Having been around for almost 30 years, this has always felt like my place, but I cannot say it has ever felt like my tribe. I am not a person driven by money or stuff and don’t easily relate to people who are. For me the draw was the region itself. When I landed in the San Juans, I eagerly became a citizen not of its towns, but of its geography. I paid my membership dues with my feet to attend regular weekend meetings on peak summits and retreats in high basins or low canyons. And in return, I feel a deeper connection to this place than I ever imagined I could. I don’t think it has given me a tribe, though, so what, then, is one’s place? Is it where you find yourself? Where you can be yourself? Where you can find others like you? Where you can find people who are like the you that you want to become? Does one’s place exist at all in a time when it is so easy to get up and move anytime you want? 

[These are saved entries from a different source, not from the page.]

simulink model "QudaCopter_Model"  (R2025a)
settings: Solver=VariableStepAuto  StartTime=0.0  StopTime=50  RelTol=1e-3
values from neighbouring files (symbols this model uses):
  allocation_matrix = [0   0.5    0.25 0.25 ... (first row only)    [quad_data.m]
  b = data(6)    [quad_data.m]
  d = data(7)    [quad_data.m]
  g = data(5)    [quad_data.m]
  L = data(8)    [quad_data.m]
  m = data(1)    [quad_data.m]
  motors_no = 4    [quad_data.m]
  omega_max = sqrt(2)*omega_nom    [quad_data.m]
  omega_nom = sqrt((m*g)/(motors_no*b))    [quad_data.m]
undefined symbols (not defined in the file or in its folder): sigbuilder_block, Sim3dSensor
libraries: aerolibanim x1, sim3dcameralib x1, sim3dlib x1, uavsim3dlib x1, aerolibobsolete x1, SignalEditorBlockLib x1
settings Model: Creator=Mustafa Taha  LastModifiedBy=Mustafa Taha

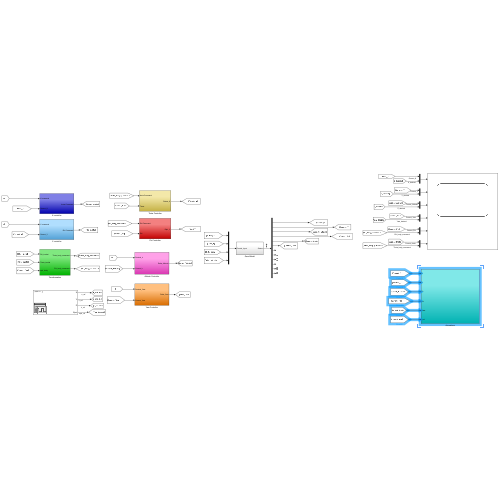
[thumbnail: Simulink's stored preview of the top-level diagram]
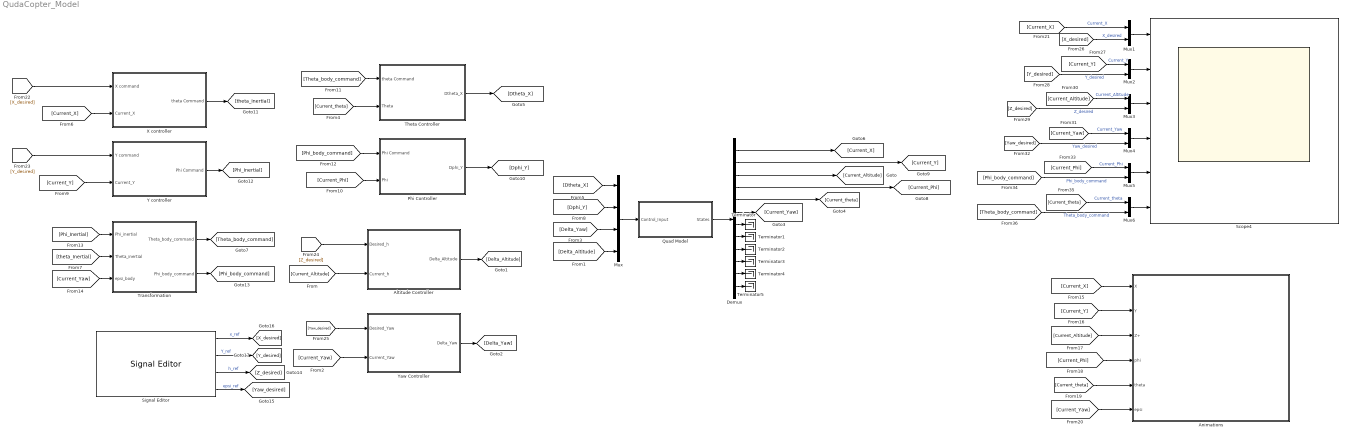
== system QudaCopter_Model ==
  Altitude Controller : Subsystem
  Animations : Subsystem
  Demux : Demux  Outputs=12
  Mux : Mux
  Mux{1..6} (6 alike) : Mux  Inputs=2
  Phi Controller : Subsystem
  Quad Model : Subsystem
  Scope4 : Scope  NumInputPorts=6
      settings: ActiveDisplayYMinimum=-0.62499999999999989  ActiveDisplayYMaximum=5.625  DataLoggingVariableName=ScopeData4
  Signal Editor : SignalEditorBlockLib/Signal Editor  FileName=Quad_path.mat  ActiveScenario=Scenario_1  ActiveSignal=X  IsBus=off  OutputBusObjectStr=Bus: BusObject  SampleTime=0  Interpolate=off  ZeroCross=off  OutputAfterFinalValue=Setting to zero  Unit=inherit  PreserveSignalName=on  ApplySigPropsToAllScenarios=on  ApplySigPropsToAllSignals=off  SignalPropertySource=Dialog parameters
  Terminator{,1..5} (6 alike) : Terminator
  Theta Controller : Subsystem
  Transformation : Subsystem
  X controller : Subsystem
  Y controller : Subsystem
  Yaw Controller : Subsystem
  wires:
  Quad Model/1(States) -> Demux/1
  Mux/1 -> Quad Model/1(Control_Input)
  [Dtheta_X] -> Mux/1
  [Dphi_Y] -> Mux/2
  [Delta_Yaw] -> Mux/3
  Demux/3 -> [Current_Altitude]
  [Current_Altitude] -> Altitude Controller/2(Current_h)
  Altitude Controller/1(Delta_Altitude) -> [Delta_Altitude]
  [Delta_Altitude] -> Mux/4
  [Z_desired] -> Altitude Controller/1(Desired_h)
  [Yaw_desired] -> Yaw Controller/1(Desired_Yaw)
  [Current_Yaw] -> Yaw Controller/2(Current_Yaw)
  Demux/6 -> [Current_Yaw]
  Demux/5 -> [Current_theta]
  Demux/1 -> [Current_X]
  Theta Controller/1(Dtheta_X) -> [Dtheta_X]
  [Current_theta] -> Theta Controller/2(Theta)
  [Theta_body_command] -> Theta Controller/1(theta Command)
  [Current_X] -> X controller/2(Current_X)
  X controller/1(theta Command) -> [theta_Inertial]
  Demux/2 -> [Current_Y]
  Demux/4 -> [Current_Phi]
  [Y_desired] -> Y controller/1(Y command)
  Y controller/1(Phi Command) -> [Phi_Inertial]
  [Current_Y] -> Y controller/2(Current_Y)
  Phi Controller/1(Dphi_Y) -> [Dphi_Y]
  [Current_Phi] -> Phi Controller/2(Phi)
  [Phi_body_command] -> Phi Controller/1(Phi Command)
  [theta_Inertial] -> Transformation/2(Theta_inertial)
  Transformation/1(Theta_body_command) -> [Theta_body_command]
  [Phi_Inertial] -> Transformation/1(Phi_inertial)
  Transformation/2(Phi_body_command) -> [Phi_body_command]
  [Current_Yaw] -> Transformation/3(epsi_body)
  Yaw Controller/1(Delta_Yaw) -> [Delta_Yaw]
  [X_desired] -> X controller/1(X command)
  [Current_X] -> Animations/1(X)
  [Current_Y] -> Animations/2(Y)
  [Current_Altitude] -> Animations/3(Z+)
  [Current_Phi] -> Animations/4(phi)
  [Current_theta] -> Animations/5(theta)
  [Current_Yaw] -> Animations/6(epsi)
  Demux/7 -> Terminator/1
  Demux/8 -> Terminator1/1
  Demux/9 -> Terminator2/1
  Demux/10 -> Terminator3/1
  Demux/11 -> Terminator4/1
  Demux/12 -> Terminator5/1
  [Current_X] -> Mux1/1  "Current_X"
  Signal Editor/2 -> [Y_desired]  "Y_ref"
  Signal Editor/1 -> [X_desired]  "x_ref"
  Signal Editor/3 -> [Z_desired]  "h_ref"
  Signal Editor/4 -> [Yaw_desired]  "epsi_ref"
  [X_desired] -> Mux1/2  "X_desired"
  [Current_Y] -> Mux2/1  "Current_Y"
  [Y_desired] -> Mux2/2  "Y_desired"
  [Current_Altitude] -> Mux3/1  "Current_Altitude"
  [Current_Yaw] -> Mux4/1  "Current_Yaw"
  [Yaw_desired] -> Mux4/2  "Yaw_desired"
  [Current_Phi] -> Mux5/1  "Current_Phi"
  [Phi_body_command] -> Mux5/2  "Phi_body_command"
  [Current_theta] -> Mux6/1  "Current_theta"
  [Theta_body_command] -> Mux6/2  "Theta_body_command"
  Mux1/1 -> Scope4/1
  Mux2/1 -> Scope4/2
  [Z_desired] -> Mux3/2  "Z_desired"
  Mux3/1 -> Scope4/3
  Mux4/1 -> Scope4/4
  Mux5/1 -> Scope4/5
  Mux6/1 -> Scope4/6

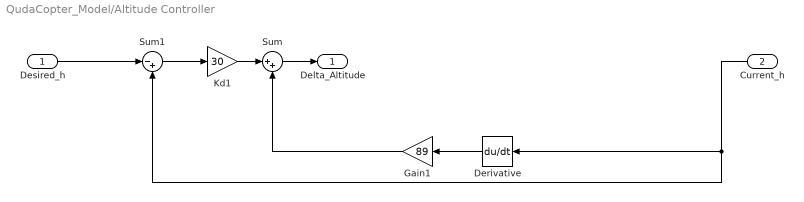
== system QudaCopter_Model/Altitude Controller ==
  Desired_h : Inport
  Current_h : Inport  Port=2
  Derivative : Derivative
  Gain1 : Gain  Gain=89
  Kd1 : Gain  Gain=30
  Sum : Sum  Inputs=|++
  Sum1 : Sum  Inputs=|-+
  Delta_Altitude : Outport
  wires:
  Sum/1 -> Delta_Altitude/1
  Derivative/1 -> Gain1/1
  Desired_h/1 -> Sum1/1
  Kd1/1 -> Sum/1
  Current_h/1 -> Sum1/2, Derivative/1
  Sum1/1 -> Kd1/1
  Gain1/1 -> Sum/2

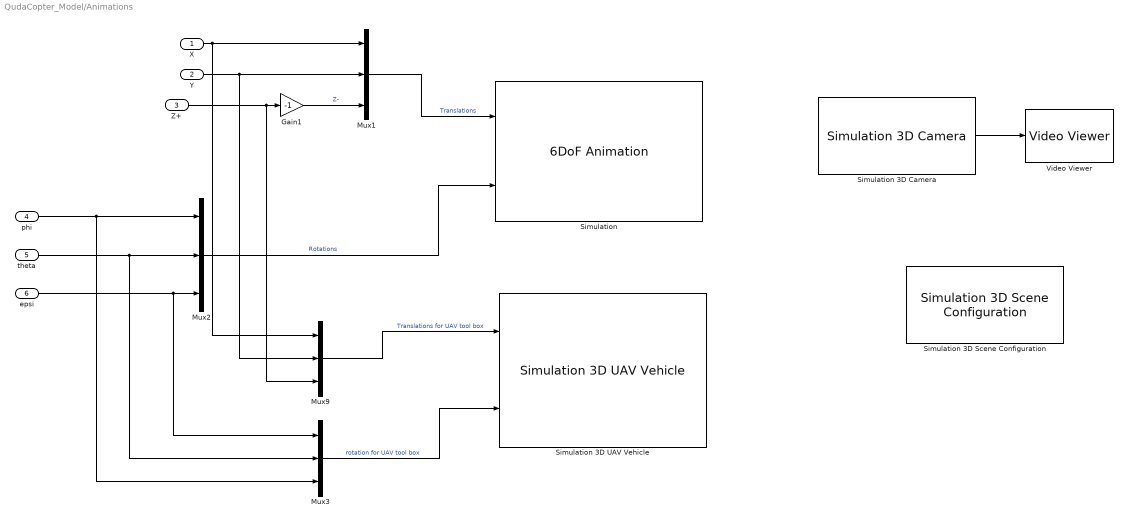
== system QudaCopter_Model/Animations ==
  X : Inport
  Y : Inport  Port=2
  Z+ : Inport  Port=3
  phi : Inport  Port=4
  theta : Inport  Port=5
  epsi : Inport  Port=6
  Gain1 : Gain  Gain=-1
  Mux{1..3,9} (4 alike) : Mux  Inputs=3
  Simulation : aerolibanim/6DoF Animation  u1=[-8 8 -8 8 -6 0]  u2=0.1  u3=1.0  u4=[0 0 0]  u5=Fixed position  u6=[20 50 -20]  u7=10  u8=on
  Simulation 3D Camera : sim3dcameralib/Simulation 3D Camera  Priority=1  sensorTag=Sim3dSensor�  sensorId=1  sensorName=Sim3dSensor�  vehTagList={'Scene Origin'}  vehTag=Scene Origin  CoordinateSystem=ISO8855  mountLoc=Origin  offsetFlag=on  tmountOffset=[0.1, 0, 0]  extTmount=off  rmountOffset=[0, 0, 0]  extRmount=off  FocalLength=[1109, 1109]  OpticalCenter=[640, 360]  ImageSize=[720, 1280]  RadialDistortion=[0, 0]  TangentialDistortion=[0, 0]  SensorSkew=0  VisualizeFieldOfView=off  FieldOfViewRange=61  DepthOutportEnabled=off  SemanticOutportEnabled=off  TransformOutportEnabled=off  SampleTime=-1  mountPoint=[0.1 0 0]  mountOrientation=[0 0 0]  aMode=4  ID=1
      settings: LibrarySourceBlock=uavsim3dlib/Simulation 3D Camera
  Simulation 3D Scene Configuration : sim3dlib/Simulation 3D Scene Configuration  Priority=0  ProjectFormat=Default Scenes  SceneDesc=US city block  ProjectName=C:\Program Files\MATLAB\R2025a\toolbox\shared\sim3d_projects\automotive_project_windows\UE\WindowsNoEditor\VehicleSimulation.exe  ScenePath=/Game/Maps/USCityBlock  EnableOpenDRIVE=off  vehTagList={'Scene Origin'}  vehTag=Scene Origin  AttachedCameraRelativeTranslation=[0 0 0]  FreeCameraDefaultInitialTranslation=[-6, 0, 2]  AttachedCameraRelativeRotation=[0 0 0]  FreeCameraDefaultInitialRotation=[0, -15, 0]  ViewpointName=Custom  FreeCameraInitialTranslation=[0, 0, 0]  ViewpointTranslation=[0 0 0]  FreeCameraInitialRotation=[0, 0, 0]  ViewpointRotation=[0 0 0]  OpVisEn=off  Ts=0.1  EnableWindow=on  EnableRemoteAccess=off  EnableWeather=off  SunAzimuth=90  SunAltitude=40.0  EnableGeospatialSun=off  Latitude=0  Longitude=0  Date=2023-01-01  Time=10:30:00  GeoTimeZone=-5.0  SunDaylightSaving=off  wind=1  clouds=10  EnableVolumetricClouds=off  CloudCoverage=0  CloudAltitude=6  fog=0  rain=0  RaindropsEffect=off  SnowDensity=0  EnableGeospatial=off  TilesetSource=Earth terrain  UseTrueOrigin=off  OriginHeight=200  OriginLatitude=40.744652  OriginLongitude=-73.988864  MapStyle=Aerial  AdditionalAssetIDs=[]  UseAdvancedSunSky=off  SolarTime=11  TimeZone=-5  Day=21  Month=9  Year=2022  UseDaylightSavingTime=on  DSTStartDay=10  DSTStartMonth=3  DSTEndDay=3  DSTEndMonth=11  DSTSwitchHour=2  sensorTag=MainCamera1  sensorId=1  sensorName=MainCamera1  mountLoc=Origin  offsetFlag=off  tmountOffset=[0, 0, 0]  rmountOffset=[0, 0, 0]  HorizontalResolution=1280  VerticalResolution=720  HorizontalFOV=60  mountPoint=[0 0 0]  mountOrientation=[0 0 0]  aMode=4  ID=1  GeoTrigger=Inactive  ViewNameList={'Custom'}  ViewTranslationList={'[0 0 0]'}  ViewRotationList={'[0 0 0]'}
      settings: LibrarySourceBlock=uavsim3dlib/Simulation 3D Scene Configuration
  Simulation 3D UAV Vehicle : uavsim3dlib/Simulation 3D UAV Vehicle  Priority=-1  Mesh=Quadrotor  MeshPath=/MathWorksUAVContent/UAVs/HexaRotorUAV/HexaRotor.HexaRotor  Color=Black  ActorName=SimulinkVehicle1  UseGlobalFrame=off  InitialTranslation=[0 0 0]  InitialRotation=[0 0 0]  InitialTranslationGlobal=[0 0 0]  InitialGeoOrigin=[0 0 0]  InitialRotationGlobal=[0 0 0]  SampleTime=0.1  ActorType=SimulinkVehicle  ID=1  aMode=4  ActorTag=SimulinkVehicle1
  Video Viewer : VideoViewer  FigPos=[803 436 418 304]
  wires:
  Mux2/1 -> Simulation/2  "Rotations"
  X/1 -> Mux1/1, Mux9/1
  Gain1/1 -> Mux1/3  "Z-"
  Z+/1 -> Gain1/1, Mux9/3
  Mux9/1 -> Simulation 3D UAV Vehicle/1  "Translations for UAV tool box"
  Mux1/1 -> Simulation/1  "Translations"
  Y/1 -> Mux1/2, Mux9/2
  phi/1 -> Mux2/1, Mux3/3
  theta/1 -> Mux2/2, Mux3/2
  epsi/1 -> Mux2/3, Mux3/1
  Mux3/1 -> Simulation 3D UAV Vehicle/2  "rotation for UAV tool box"
  Simulation 3D Camera/1 -> Video Viewer/1

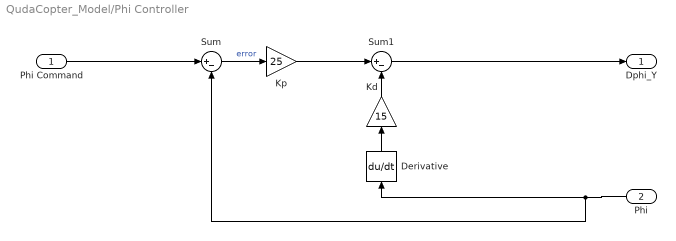
== system QudaCopter_Model/Phi Controller ==
  Phi Command : Inport
  Phi : Inport  Port=2
  Derivative : Derivative
  Kd : Gain  Gain=15
  Kp : Gain  Gain=25
  Sum : Sum  Inputs=|+-
  Sum1 : Sum  Inputs=|+-
  Dphi_Y : Outport
  wires:
  Phi/1 -> Derivative/1, Sum/2
  Sum1/1 -> Dphi_Y/1
  Phi Command/1 -> Sum/1
  Kd/1 -> Sum1/2
  Sum/1 -> Kp/1  "error"
  Kp/1 -> Sum1/1
  Derivative/1 -> Kd/1

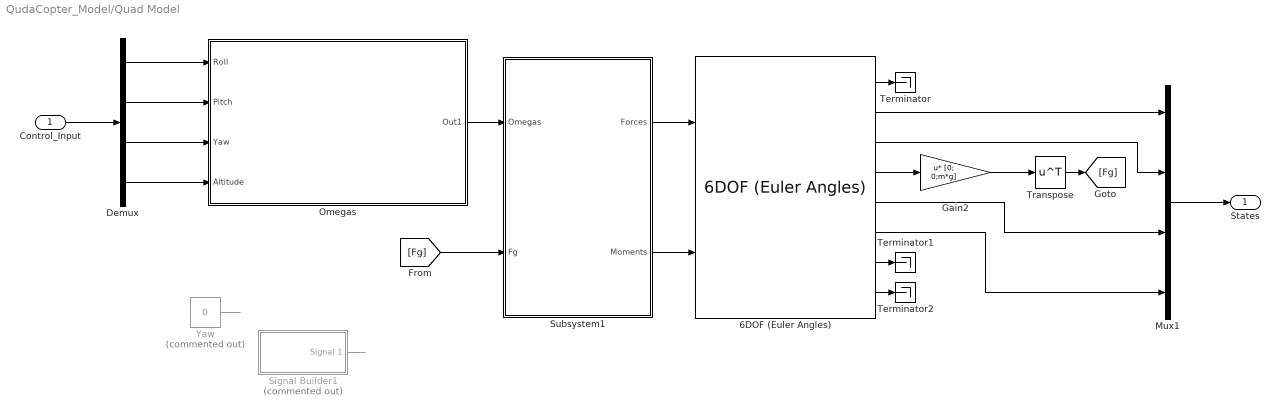
== system QudaCopter_Model/Quad Model ==
  Control_Input : Inport
  6DOF (Euler Angles) : aerolibobsolete/6DOF (Euler Angles)  units=Metric (MKS)  mtype=Fixed  rep=Euler Angles  xme_0=[0 0 -1]  Vm_0=[0 0 0]  eul_0=[0 0 0]  pm_0=[0 0 0]  mass_0=m  mass_e=0.5  mass_f=2.0  inertia=I  inertia_e=eye(3)  inertia_f=2*eye(3)  k_quat=1.0  vre_flag=on  abi_flag=off  aMode=0  xme_statename=''  Vm_statename=''  eul_statename=''  quat_statename=''  pm_statename=''  mass_statename=''
  Demux : Demux
  Gain2 : Gain  Gain=[0; 0;m*g]  Multiplication=Matrix(u*K)
  Mux1 : Mux
  Omegas : Subsystem
  Signal Builder1 : Subsystem  Tag=STV Subsys  Commented=on  LoadFcn=sigbuilder_block('load');  StartFcn=sigbuilder_block('start');  StopFcn=sigbuilder_block('stop');  ClipboardFcn=sigbuilder_block('clipboard');  mask(Sigbuilder block){tuvar=[0:10]}
      mask help: Simulink:masks:SigbuilderBlock_MD
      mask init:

As people, mobility is one of our superpowers, but like the birds–some of whom can fly for days without stopping–I think we get lost sometimes by landing on a snow-covered tailings pile that looks like a lake from hundreds of feet up in the air. Just as easily, we can feel lost because everything around us has changed.

I looked out of the coffee shop window onto the main street at people who were getting their photo taken against the dramatic backdrop made by the ring of mountains at the end of the box canyon. The visitors are smiling broadly into the late afternoon sun, soaking up the surge of an image they can send into the world that says: “We were here. Isn’t it beautiful?” Soon they will leave and head back to their own place, the one they call home, where their friends are, where their kids go to school, where they know their way around. Where they live.

Surrounded by strangers, I pulled my gaze in to focus on my friend I have known for decades and feel such comfort in that. I couldn’t help but think of the birds and felt happy there were two of them to sort out being out of sorts. Since my time here, this has always been a transient place, where people come to live a dream until they discover it isn’t their dream. Just recently at work a new employee moved here from a place without mountains and quickly flooded their social media with selfies against an epic mountain backdrop and the ski area name and added quotes like, “Waiting for the awesomeness to get old.” They wanted this place to be their place, but six months later, they packed up their selfies and moved back to their mountainless home. How can you have a community when the residents are always changing? Maybe my place has no tribe. 

My friend and I finished our coffees and headed out into the picturesque Victorian town, radiant with holiday lights and alpenglow blooming rose in the east. It is so lovely, I thought. I wonder if I could live here.    

1 thought on “Out of Place”

  1. Lovely. So happy to see you back writing and leaving these gems in my inbox.
    Lived in this area for nearly 40 years and the tribe is always changing and morphing.
    I mostly embrace the changes and try not to be bitter about events that I seemingly can’t alter. I find myself going out to the desert often and listen to the constant breeze and just be. Hope we cross paths soon, reconnecting with your tribe is the just the best. Love you long time.